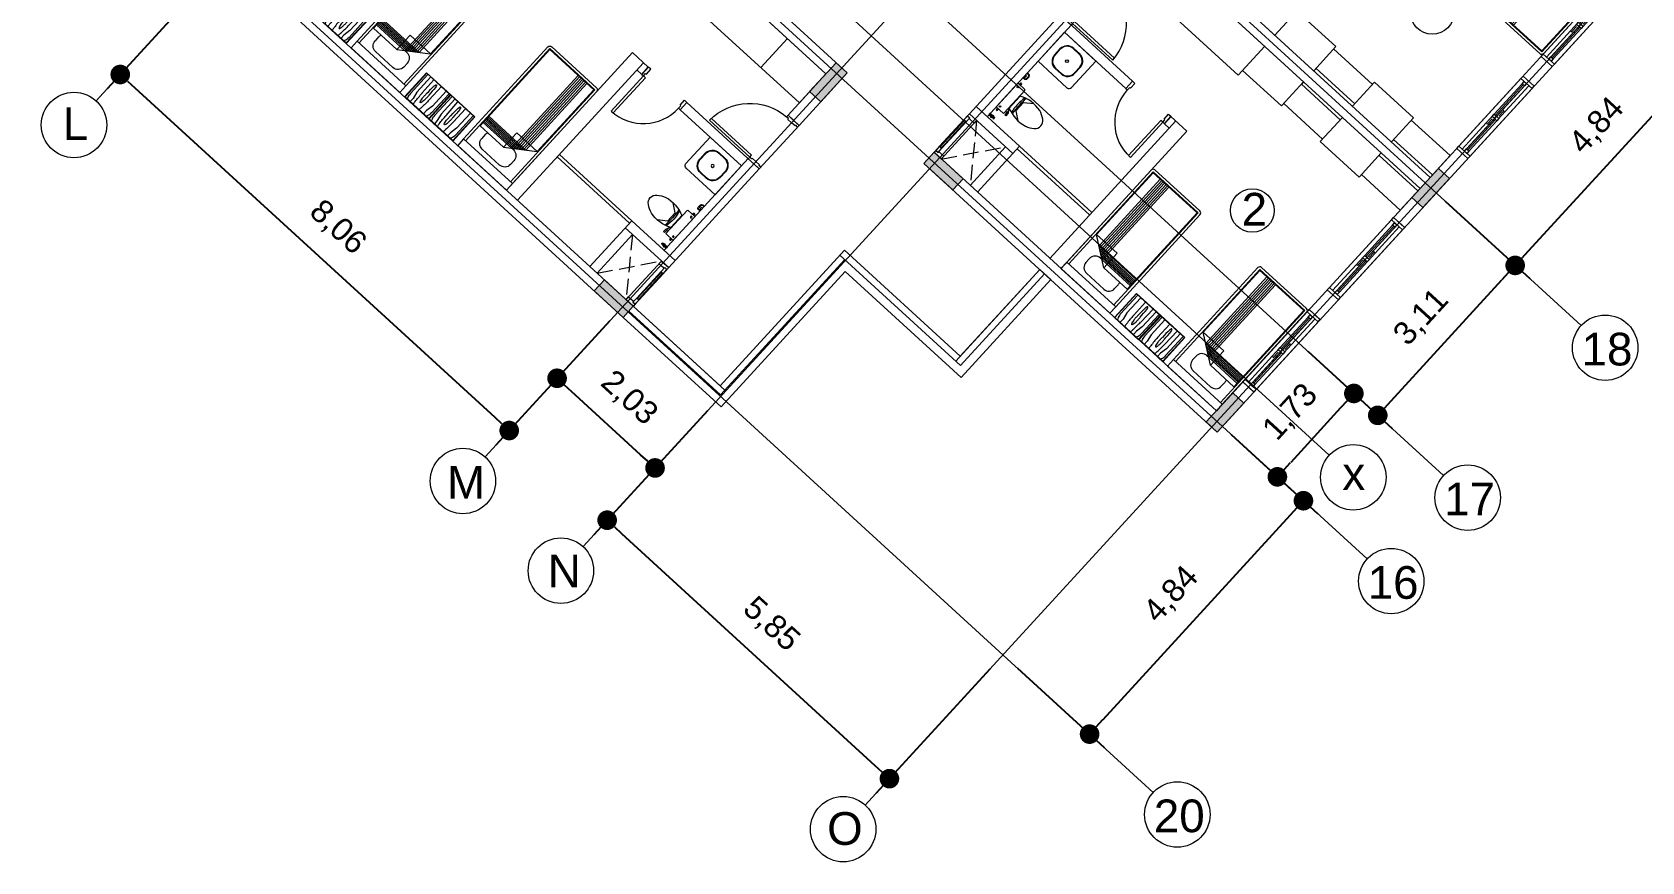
# Model space of a CAD drawing. Header units: metres. Extents: x 750 to 3116, y -341 to 1465.
# Drawn here: x 1627.66 to 1652.26, y 887.76 to 900.45 of the extents above; entities that cross this region are included whole.
import ezdxf
from ezdxf.enums import TextEntityAlignment as Align

# ---------------------------------------------------------------- set-up
doc = ezdxf.new("R2010")
doc.units = ezdxf.units.M
doc.linetypes.add('ACAD_ISO02W100', pattern=[15, 12, -3])
for name, color, linetype, lineweight in [('A-Door', 254, 'Continuous', 5), ('Bathroom Door', 252, 'Continuous', 5), ('Bathroom fur', 252, 'Continuous', 5), ('Centre Line', 7, 'Continuous', 13), ('Column', 50, 'Continuous', 20), ('Cutout', 153, 'Continuous', 5), ('Door', 253, 'Continuous', 5), ('Furniture', 44, 'Continuous', 5), ('GUIDE LINE', 7, 'Continuous', 5), ('Hatch', 251, 'Continuous', 5), ('Hidden line', 251, 'Continuous', 5), ('Inverted beam', 252, 'Continuous', 5), ('Railing', 190, 'Continuous', 5), ('S-DIM', 30, 'Continuous', 13), ('Wall ext', 20, 'Continuous', 18), ('WINDOW', 33, 'Continuous', 5)]:
    doc.layers.add(name, color=color, linetype=linetype, lineweight=lineweight)
doc.layers.add('Text', color=7, linetype='Continuous')
doc.styles.get("Standard").update_dxf_attribs({"font": 'arial.ttf'})
doc.styles.add('TEXT-DET', font='simplex.shx', dxfattribs={"width": 0.7})
doc.dimstyles.new('ISO-25', dxfattribs={"dimtxt": 2, "dimasz": 2, "dimexe": 1.25, "dimexo": 0.625, "dimgap": 1.5, "dimtad": 1, "dimtxsty": 'Standard', "dimblk": 'DOT', "dimcen": 1.5, "dimadec": 0, "dimazin": 0, "dimtfac": 1, "dimtmove": 0, "dimatfit": 3, "dimfxl": 0, "dimarcsym": 0})

# ---------------------------------------------------------------- blocks, each defined once
blk = doc.blocks.new('Water Closet')
at = {"layer": 'Bathroom fur', "linetype": 'ByBlock'}
for p, q in [((1886.217, 447.662), (1886.217, 447.713)), ((1886.239, 447.713), (1886.217, 447.713)), ((1886.239, 447.608), (1886.239, 447.713)), ((1886.264, 447.23), (1886.264, 447.703)), ((1886.407, 447.713), (1886.274, 447.713)), ((1886.39, 447.724), (1886.365, 447.724)), ((1886.365, 447.724), (1886.365, 447.715)), ((1886.39, 447.715), (1886.365, 447.715)), ((1886.387, 447.744), (1886.368, 447.744)), ((1886.368, 447.744), (1886.368, 447.724)), ((1886.387, 447.744), (1886.387, 447.724)), ((1886.39, 447.724), (1886.39, 447.715)), ((1886.416, 447.23), (1886.416, 447.703)), ((1886.152, 447.554), (1886.027, 447.644)), ((1886.152, 447.379), (1886.152, 447.554)), ((1886.217, 447.662), (1886.232, 447.625)), ((1886.232, 447.625), (1886.239, 447.625)), ((1886.239, 447.666), (1886.264, 447.666)), ((1886.239, 447.608), (1886.264, 447.608)), ((1886.256, 447.343), (1886.256, 447.59)), ((1886.152, 447.379), (1886.027, 447.288)), ((1886.407, 447.22), (1886.274, 447.22)), ((1886.365, 447.208), (1886.365, 447.218)), ((1886.39, 447.218), (1886.365, 447.218)), ((1886.39, 447.208), (1886.39, 447.218)), ((1886.39, 447.208), (1886.365, 447.208)), ((1886.368, 447.189), (1886.368, 447.208)), ((1886.387, 447.189), (1886.368, 447.189)), ((1886.387, 447.189), (1886.387, 447.208))]:
    blk.add_line(p, q, dxfattribs=at)
at = {"layer": 'Bathroom fur', "linetype": 'Continuous', "lineweight": -3}
for p, q in [((1886.331, 447.871), (1886.35, 447.871)), ((1886.331, 447.851), (1886.35, 447.851)), ((1886.364, 447.861), (1886.346, 447.861)), ((1886.364, 447.861), (1886.349, 447.87)), ((1886.364, 447.861), (1886.349, 447.853)), ((1886.364, 447.861), (1886.355, 447.877)), ((1886.364, 447.861), (1886.355, 447.846)), ((1886.364, 447.861), (1886.364, 447.879)), ((1886.364, 447.861), (1886.364, 447.879)), ((1886.364, 447.861), (1886.364, 447.879)), ((1886.364, 447.861), (1886.364, 447.879)), ((1886.364, 447.861), (1886.364, 447.879)), ((1886.364, 447.861), (1886.364, 447.879)), ((1886.364, 447.861), (1886.364, 447.879)), ((1886.364, 447.861), (1886.364, 447.879)), ((1886.364, 447.861), (1886.364, 447.879)), ((1886.364, 447.861), (1886.364, 447.879)), ((1886.364, 447.861), (1886.364, 447.879)), ((1886.364, 447.861), (1886.364, 447.879)), ((1886.364, 447.861), (1886.373, 447.877)), ((1886.364, 447.861), (1886.379, 447.87)), ((1886.364, 447.861), (1886.381, 447.861)), ((1886.364, 447.861), (1886.379, 447.853)), ((1886.364, 447.861), (1886.373, 447.846)), ((1886.364, 447.861), (1886.364, 447.844)), ((1886.378, 447.871), (1886.416, 447.871)), ((1886.378, 447.851), (1886.416, 447.851)), ((1886.416, 447.851), (1886.416, 447.871))]:
    blk.add_line(p, q, dxfattribs=at)
at = {"layer": 'Bathroom fur'}
for p, q in [((1886.356, 447.031), (1886.356, 447.081)), ((1886.366, 447.031), (1886.366, 447.081)), ((1886.416, 447.106), (1886.381, 447.106)), ((1886.416, 447.096), (1886.381, 447.096)), ((1886.416, 447.016), (1886.381, 447.016)), ((1886.416, 447.006), (1886.381, 447.006))]:
    blk.add_line(p, q, dxfattribs=at)
at = {"layer": 'Bathroom fur', "linetype": 'Continuous', "lineweight": -3}
blk.add_circle((1886.364, 447.861), 0.0175, dxfattribs=at)
at = {"layer": 'Bathroom fur', "linetype": 'ByBlock'}
for centre in [(1886.378, 447.669), (1886.378, 447.264)]:
    blk.add_circle(centre, 0.0123, dxfattribs=at)
for centre, radius, start, end in [((1886.274, 447.703), 0.00987, 90, 180), ((1886.407, 447.703), 0.00987, 0, 90), ((1885.835, 447.467), 0.119, 126.3794, 233.6206), ((1886.035, 447.208), 0.446, 109.2942, 127.2549), ((1886.017, 447.095), 0.55, 64.2321, 103.6755), ((1884.672, 447.479), 1.501, 353.4552, 5.5271), ((1885.552, 447.472), 0.65, 345.9276, 13.0204), ((1886.041, 447.728), 0.451, 232.2382, 250.1051), ((1886.017, 447.838), 0.55, 256.3245, 295.7679), ((1886.274, 447.23), 0.00987, 180, 270), ((1886.407, 447.23), 0.00987, 270, 0)]:
    blk.add_arc(centre, radius, start, end, dxfattribs=at)
at = {"layer": 'Bathroom fur', "linetype": 'Continuous', "lineweight": -3}
blk.add_arc((1886.331, 447.861), 0.01, 90.002, 270, dxfattribs=at)
at = {"layer": 'Bathroom fur'}
for centre, radius, start, end in [((1886.381, 447.081), 0.025, 90, 180), ((1886.381, 447.031), 0.025, 180, 270), ((1886.381, 447.081), 0.015, 90, 180), ((1886.381, 447.031), 0.015, 180, 270)]:
    blk.add_arc(centre, radius, start, end, dxfattribs=at)
at = {"layer": 'Bathroom fur', "style": 'TEXT-DET', "width": 0.6}
blk.add_text('1', height=0.06, dxfattribs=at).set_placement((1886.394, 447.07), align=Align.MIDDLE)
blk = doc.blocks.new('Bed')
at = {"layer": 'Furniture', "linetype": 'Continuous'}
for p, q in [((1878.327, 465.952), (1879.337, 465.952)), ((1878.327, 465.817), (1878.327, 465.952)), ((1879.337, 465.952), (1879.337, 465.817)), ((1879.337, 465.817), (1878.327, 465.817)), ((1878.327, 463.909), (1878.327, 465.817)), ((1878.367, 463.909), (1878.367, 465.817)), ((1878.642, 465.742), (1879.002, 465.742)), ((1879.297, 465.817), (1879.297, 463.909)), ((1879.337, 465.817), (1879.337, 463.909)), ((1878.377, 465.499), (1878.862, 465.499)), ((1878.377, 463.919), (1878.377, 465.499)), ((1878.962, 465.429), (1878.377, 465.429)), ((1878.525, 465.544), (1878.525, 465.624)), ((1878.862, 465.499), (1879.287, 465.199)), ((1878.862, 465.199), (1878.862, 465.499)), ((1878.962, 463.919), (1878.962, 465.429)), ((1879.002, 465.427), (1878.965, 465.427)), ((1879.12, 465.624), (1879.12, 465.544)), ((1878.992, 465.407), (1878.377, 465.407)), ((1879.022, 465.386), (1878.377, 465.386)), ((1879.052, 465.365), (1878.377, 465.365)), ((1879.082, 465.344), (1878.377, 465.344)), ((1879.112, 465.323), (1878.377, 465.323)), ((1879.142, 465.302), (1878.377, 465.302)), ((1879.287, 465.199), (1878.862, 465.199)), ((1878.992, 463.919), (1878.992, 465.407)), ((1879.022, 463.919), (1879.022, 465.386)), ((1879.052, 463.919), (1879.052, 465.365)), ((1879.082, 463.919), (1879.082, 465.344)), ((1879.112, 463.919), (1879.112, 465.323)), ((1879.142, 463.919), (1879.142, 465.302)), ((1879.287, 465.199), (1879.287, 463.919)), ((1879.297, 463.909), (1878.367, 463.909)), ((1879.297, 463.869), (1878.367, 463.869)), ((1879.287, 463.919), (1878.377, 463.919))]:
    blk.add_line(p, q, dxfattribs=at)
for centre, radius, start, end in [((1878.642, 465.624), 0.117, 90, 180), ((1879.002, 465.624), 0.117, 360, 90), ((1878.642, 465.544), 0.117, 180.0006, 202.5189), ((1879.002, 465.544), 0.117, 270, 0), ((1878.367, 463.909), 0.04, 180, 270), ((1879.297, 463.909), 0.04, 270, 0)]:
    blk.add_arc(centre, radius, start, end, dxfattribs=at)
blk = doc.blocks.new('Nightstand')
at = {"layer": 'Furniture'}
for p, q in [((1879.838, 464.54), (1879.838, 464.04)), ((1880.338, 464.54), (1879.838, 464.54)), ((1879.843, 464.535), (1879.843, 464.045)), ((1880.333, 464.535), (1879.843, 464.535)), ((1879.869, 464.442), (1879.871, 464.467)), ((1879.869, 464.045), (1879.869, 464.442)), ((1879.929, 464.358), (1879.951, 464.469)), ((1879.951, 464.469), (1879.951, 464.535)), ((1880.074, 464.444), (1880.068, 464.44)), ((1880.08, 464.44), (1880.074, 464.444)), ((1880.226, 464.469), (1880.226, 464.535)), ((1880.248, 464.358), (1880.226, 464.469)), ((1880.308, 464.442), (1880.305, 464.467)), ((1880.308, 464.045), (1880.308, 464.442)), ((1880.333, 464.045), (1880.333, 464.535)), ((1880.338, 464.04), (1880.338, 464.54)), ((1879.929, 464.045), (1879.929, 464.358)), ((1879.997, 464.32), (1879.991, 464.045)), ((1880.147, 464.32), (1880.147, 464.045)), ((1880.248, 464.045), (1880.248, 464.358)), ((1879.838, 464.04), (1880.338, 464.04)), ((1879.843, 464.045), (1880.333, 464.045)), ((1880.068, 464.081), (1880.074, 464.077)), ((1880.074, 464.077), (1880.08, 464.081))]:
    blk.add_line(p, q, dxfattribs=at)
for centre, radius, start, end in [((1880.021, 464.452), 0.15, 146.5657, 174.2856), ((1881.576, 464.32), 1.578, 174.0179, 180), ((1880.825, 464.399), 0.823, 170.5074, 174.0179), ((1880.197, 464.382), 0.142, 155.8434, 169.4757), ((1879.951, 464.382), 0.142, 10.5243, 24.1566), ((1879.315, 464.399), 0.828, 5.9821, 9.4446), ((1878.564, 464.32), 1.583, 0, 5.9821), ((1880.156, 464.452), 0.15, 5.7144, 33.4343), ((1880.715, 464.32), 0.664, 175.5997, 180), ((1880.715, 464.32), 0.664, 180, 184.4003), ((1880.395, 464.345), 0.343, 169.4757, 175.5997), ((1886.298, 464.381), 6.246, 181.0259, 182.4606), ((1879.753, 464.345), 0.343, 4.4003, 10.5243), ((1873.85, 464.381), 6.246, 357.5394, 358.9741), ((1879.433, 464.32), 0.664, 0, 4.4003), ((1879.433, 464.32), 0.664, 355.5997, 0), ((1880.197, 464.139), 0.142, 190.5243, 204.1566), ((1879.951, 464.139), 0.142, 335.8434, 349.4757)]:
    blk.add_arc(centre, radius, start, end, dxfattribs=at)
blk = doc.blocks.new('Wash bashin')
at = {"layer": 'Bathroom fur', "ltscale": 0.35}
for p, q in [((1884.067, 437.333), (1884.067, 437.883)), ((1884.117, 437.933), (1884.717, 437.933)), ((1884.717, 437.333), (1884.717, 437.933)), ((1884.067, 437.333), (1884.717, 437.333))]:
    blk.add_line(p, q, dxfattribs=at)
at = {"layer": 'Bathroom fur'}
for p, q in [((1884.177, 437.568), (1884.177, 437.688)), ((1884.185, 437.568), (1884.185, 437.688)), ((1884.327, 437.838), (1884.447, 437.838)), ((1884.327, 437.83), (1884.447, 437.83)), ((1884.589, 437.688), (1884.589, 437.568)), ((1884.597, 437.688), (1884.597, 437.568)), ((1884.447, 437.426), (1884.327, 437.426)), ((1884.447, 437.418), (1884.327, 437.418))]:
    blk.add_line(p, q, dxfattribs=at)
blk.add_circle((1884.392, 437.633), 0.0225, dxfattribs=at)
at = {"layer": 'Bathroom fur', "ltscale": 0.35}
blk.add_arc((1884.117, 437.883), 0.05, 90, 180, dxfattribs=at)
at = {"layer": 'Bathroom fur'}
for centre, radius, start, end in [((1884.327, 437.688), 0.15, 90, 180), ((1884.327, 437.688), 0.142, 90, 180), ((1884.447, 437.688), 0.15, 0, 90), ((1884.447, 437.688), 0.142, 0, 90), ((1884.327, 437.568), 0.15, 180, 270), ((1884.327, 437.568), 0.142, 180, 270), ((1884.447, 437.568), 0.15, 270, 0), ((1884.447, 437.568), 0.142, 270, 0)]:
    blk.add_arc(centre, radius, start, end, dxfattribs=at)
blk = doc.blocks.new('Door 900')
at = {"layer": 'A-Door'}
for points in [[(29934124, 12198491), (29934164, 12198491), (29934164, 12198476), (29934239, 12198476), (29934314, 12198476), (29934314, 12198491), (29934354, 12198491), (29934354, 12198524), (29934239, 12198524), (29934124, 12198524)], [(29934164, 12197672), (29934314, 12197672), (29934314, 12197658), (29934354, 12197658), (29934354, 12197624), (29934239, 12197624), (29934124, 12197624), (29934124, 12197658), (29934164, 12197658)]]:
    blk.add_lwpolyline(points, close=True, dxfattribs=at)
blk.add_lwpolyline([(29935187, 12197658), (29934354, 12197658), (29934354, 12197698), (29935185, 12197698)], dxfattribs=at)
blk.add_arc((29934327, 12197631), 860, 1.7769, 88.2024, dxfattribs=at)
blk = doc.blocks.new('Door1')
at = {"layer": 'Bathroom Door'}
for p, q in [((1900.586, 444.886), (1899.856, 444.886)), ((1900.586, 444.846), (1899.857, 444.846))]:
    blk.add_line(p, q, dxfattribs=at)
for points in [[(1900.736, 444.921), (1900.586, 444.921), (1900.586, 444.886), (1900.636, 444.886), (1900.636, 444.871), (1900.736, 444.871), (1900.736, 444.921)], [(1900.586, 444.886), (1900.586, 444.846)], [(1900.736, 444.121), (1900.586, 444.121), (1900.586, 444.156), (1900.636, 444.156), (1900.636, 444.171), (1900.736, 444.171), (1900.736, 444.121)]]:
    blk.add_lwpolyline(points, dxfattribs=at)
blk.add_arc((1900.586, 444.886), 0.73, 180, 270, dxfattribs=at)
blk = doc.blocks.new('WINODO1')
at = {"layer": 'WINDOW', "linetype": 'Continuous'}
for p, q in [((2471212540, 936769700), (2471212491, 936769700)), ((2471212491, 936769700), (2471212491, 936769470)), ((2471212540, 936769700), (2471212540, 936769470)), ((2471213991, 936769700), (2471213943, 936769700)), ((2471213943, 936769700), (2471213943, 936769470)), ((2471213991, 936769700), (2471213991, 936769470)), ((2471212540, 936769470), (2471212491, 936769470)), ((2471213991, 936769470), (2471213943, 936769470))]:
    blk.add_line(p, q, dxfattribs=at)
at = {"layer": 'WINDOW'}
for p, q in [((2471212540, 936769700), (2471213943, 936769700)), ((2471213241, 936769537), (2471212540, 936769537)), ((2471212540, 936769470), (2471213943, 936769470)), ((2471212588, 936769633), (2471213217, 936769633)), ((2471212588, 936769585), (2471213217, 936769585)), ((2471213193, 936769561), (2471213089, 936769561)), ((2471213241, 936769633), (2471213943, 936769633)), ((2471213266, 936769585), (2471213895, 936769585)), ((2471213266, 936769537), (2471213895, 936769537)), ((2471213290, 936769609), (2471213394, 936769609))]:
    blk.add_line(p, q, dxfattribs=at)
at = {"layer": 'WINDOW', "color": 4}
blk.add_line((2471212588, 936769609), (2471213217, 936769609), dxfattribs=at)
at = {"layer": 'WINDOW', "color": 4, "true_color": 0x1fffff}
blk.add_line((2471213266, 936769561), (2471213895, 936769561), dxfattribs=at)
at = {"layer": 'WINDOW'}
for points in [[(2471212540, 936769585), (2471212588, 936769585), (2471212588, 936769633), (2471212540, 936769633)], [(2471213076, 936769561), (2471213089, 936769568), (2471213089, 936769554)], [(2471213217, 936769585), (2471213266, 936769585), (2471213266, 936769633), (2471213217, 936769633)], [(2471213217, 936769537), (2471213266, 936769537), (2471213266, 936769585), (2471213217, 936769585)], [(2471213406, 936769609), (2471213394, 936769616), (2471213394, 936769602)], [(2471213895, 936769537), (2471213943, 936769537), (2471213943, 936769585), (2471213895, 936769585)]]:
    blk.add_lwpolyline(points, close=True, dxfattribs=at)
blk = doc.blocks.new('700mm Door')
at = {"layer": 'Door'}
for points in [[(11493508.327, 4446107.926), (11493508.287, 4446107.926), (11493508.287, 4446107.776), (11493508.344, 4446107.776), (11493508.344, 4446107.868), (11493508.344, 4446107.88), (11493508.327, 4446107.88)], [(11493508.327, 4446107.88), (11493508.413, 4446107.88), (11493508.413, 4446107.926), (11493508.327, 4446107.926)], [(11493508.413, 4446107.891), (11493508.961, 4446107.891), (11493508.961, 4446107.914), (11493508.413, 4446107.914)], [(11493509.047, 4446107.88), (11493508.961, 4446107.88), (11493508.961, 4446107.926), (11493509.047, 4446107.926)], [(11493509.047, 4446107.926), (11493509.047, 4446107.88), (11493509.03, 4446107.88), (11493509.03, 4446107.868), (11493509.03, 4446107.776), (11493509.087, 4446107.776), (11493509.087, 4446107.926)]]:
    blk.add_lwpolyline(points, close=True, dxfattribs=at)
at = {"layer": 'Door', "color": 1}
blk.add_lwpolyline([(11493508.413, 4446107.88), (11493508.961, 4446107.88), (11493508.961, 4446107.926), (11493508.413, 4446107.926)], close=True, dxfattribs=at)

Problem statement
Please return every line from the material above where the string "import" occurs.

Task solution
import ezdxf
from ezdxf.enums import TextEntityAlignment as Align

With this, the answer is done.